Load balancing distributes incoming traffic across multiple servers to ensure no single server is overwhelmed. Strategies:
- Round Robin: Requests distributed sequentially across servers. Simple but ignores server load.
- Least Connections: Routes to the server with fewest active connections. Better for varying request durations.
- IP Hash: Routes based on client IP — ensures same client always hits same server (useful for session affinity).
- Weighted: Assigns weights based on server capacity — powerful servers get more traffic.
Tools: NGINX, HAProxy, AWS ALB/NLB, Azure Load Balancer, Cloudflare. Layer 4 (TCP) load balancing is faster; Layer 7 (HTTP) enables content-based routing.
Q25. What is Caching and when should you use it?
Caching stores frequently accessed data in a fast-access layer (memory) to reduce latency and backend load.
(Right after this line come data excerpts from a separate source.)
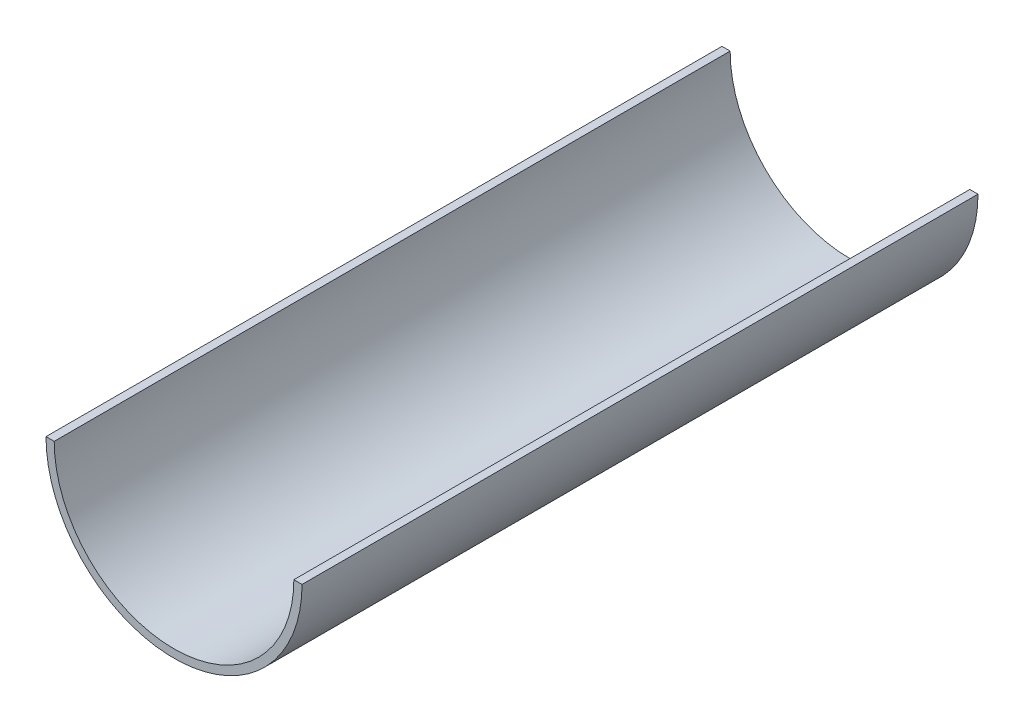
SolidWorks part; units mm, degrees
ref_plane "Front" through (0, 0, 0) normal (0, 0, 1) x (1, 0, 0)
ref_plane "Top" through (0, 0, 0) normal (0, 1, 0) x (1, 0, 0)
ref_plane "Right" through (0, 0, 0) normal (1, 0, 0) x (0, 0, -1)
sketch "Sketch1" plane through (0, 0, 0) normal (0, 0, 1) x (1, 0, 0)
  line L0 (-62.5, 0) -> (-58.5, 0)
  line L1 (58.5, 0) -> (62.5, 0)
  arc A0 (-62.5, 0) -> (62.5, 0) centre (0, 0) ccw
  arc A1 (-58.5, 0) -> (58.5, 0) centre (0, 0) ccw
  circle A2 centre (0, 0) radius 62.5 construction
  circle A3 centre (0, 0) radius 58.5 construction
  dimension "D1" = 125
  dimension "D2" = 4
extrude "Boss-Extrude1" add sketch "Sketch1" along normal blind 330
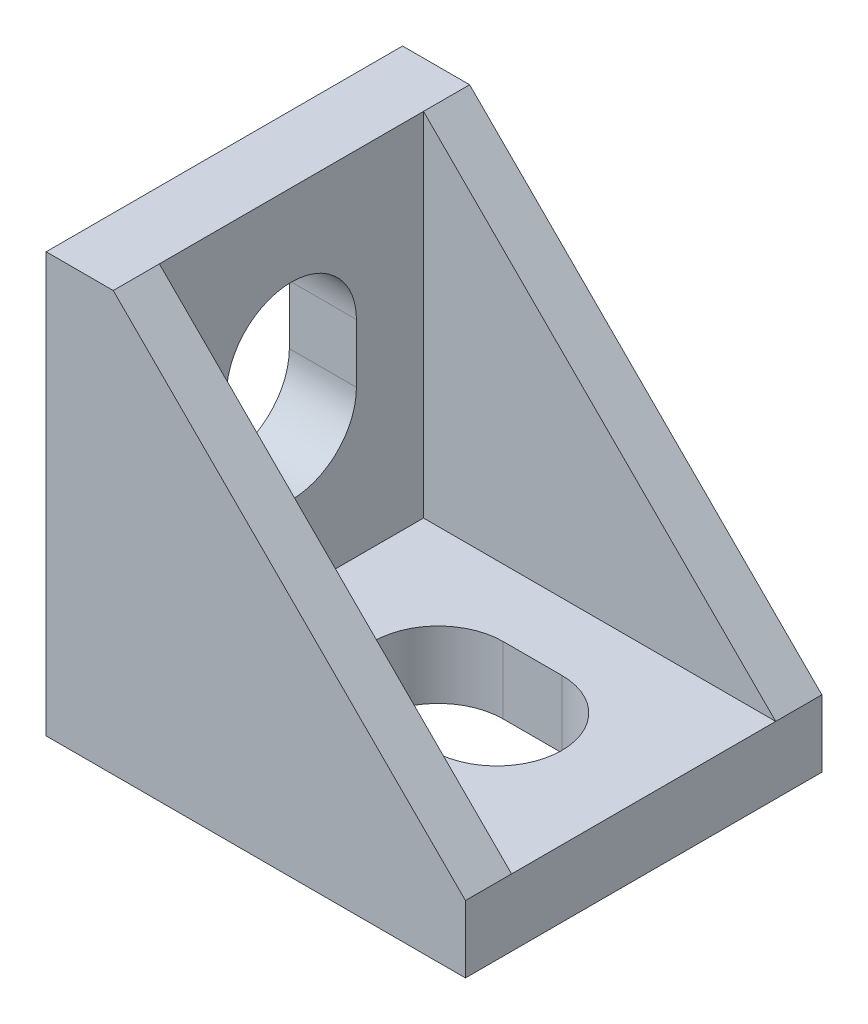
SolidWorks part; units mm, degrees
ref_plane "前视基准面" through (0, 0, 0) normal (0, 0, 1) x (1, 0, 0)
ref_plane "上视基准面" through (0, 0, 0) normal (0, 1, 0) x (1, 0, 0)
ref_plane "右视基准面" through (0, 0, 0) normal (1, 0, 0) x (0, 0, -1)
sketch "草图1" plane through (0, 0, 0) normal (0, 0, 1) x (1, 0, 0)
  line L1 (-10, -10) -> (10, -10)
  line L2 (-10, -10) -> (-10, 10)
  line L3 (-10, 10) -> (10, 10)
  line L4 (10, -10) -> (10, 10)
  line L5 (0, 10) -> (0, -10) construction
  line L6 (-10, 0) -> (10, 0) construction
  point P0 (0, 0)
extrude "凸台-拉伸1" add sketch "草图1" along normal blind 17
sketch "草图2" plane through (0, 10, 0) normal (0, 1, 0) x (1, 0, 0)
  line L0 (10, 0) -> (10, -2.2)
  line L1 (10, -17) -> (10, 0) construction
  line L2 (10, -17) -> (10, -14.8)
  line L3 (10, -14.8) -> (-6.8, -14.8)
  line L4 (-6.8, -14.8) -> (-6.8, -2.2)
  line L5 (-6.8, -2.2) -> (10, -2.2)
  line L6 (10, -14.8) -> (10, -2.2)
  line M5 (10, -17) -> (10, 0)
extrude "切除-拉伸1" cut sketch "草图2" against normal blind 16.8 contours L5 L4 L3 M5
sketch "草图3" plane through (0, 0, 2.2) normal (0, 0, 1) x (1, 0, 0)
  line L0 (-6.8, 10) -> (10, -6.8)
  line L1 (10, -6.8) -> (10, 10)
  line L2 (10, 10) -> (-6.8, 10)
extrude "切除-拉伸2" cut sketch "草图3" against normal blind 16.8 and the other way blind 16.8
sketch "草图4" plane through (-6.8, 0, 0) normal (1, 0, 0) x (0, 0, -1)
  line L3 (-5.4, 0.2) -> (-5.4, 3)
  line L5 (-11.6, 0.2) -> (-11.6, 3)
  arc A0 (-11.6, 0.2) -> (-5.4, 0.2) centre (-8.5, 0.2) ccw
  arc A1 (-11.6, 3) -> (-5.4, 3) centre (-8.5, 3) cw
extrude "切除-拉伸3" cut sketch "草图4" against normal blind 16.8
ref_point "点1"
ref_plane "基准面4" through (0, 0, 0) normal (0.7071, -0.7071, 0) x (0, 0, -1)
mirror "镜向1" about plane through (0, 0, 0) normal (0.7071, -0.7071, 0) of "切除-拉伸3"

Cache layers in a typical system:
- Browser Cache: Static assets (CSS, JS, images) cached on client side.
- CDN Cache: Content cached at edge locations globally (Cloudflare, Azure CDN).
- Application Cache: In-memory cache (Redis, Memcached) for DB query results, API responses, session data.
- Database Cache: Query cache, buffer pool within the database engine.
Cache invalidation strategies: TTL (Time to Live), Write-Through (update cache on write), Write-Behind (async cache update), Cache-Aside (lazy loading — populate on first miss). Remember: "There are only two hard things in computer science: cache invalidation and naming things."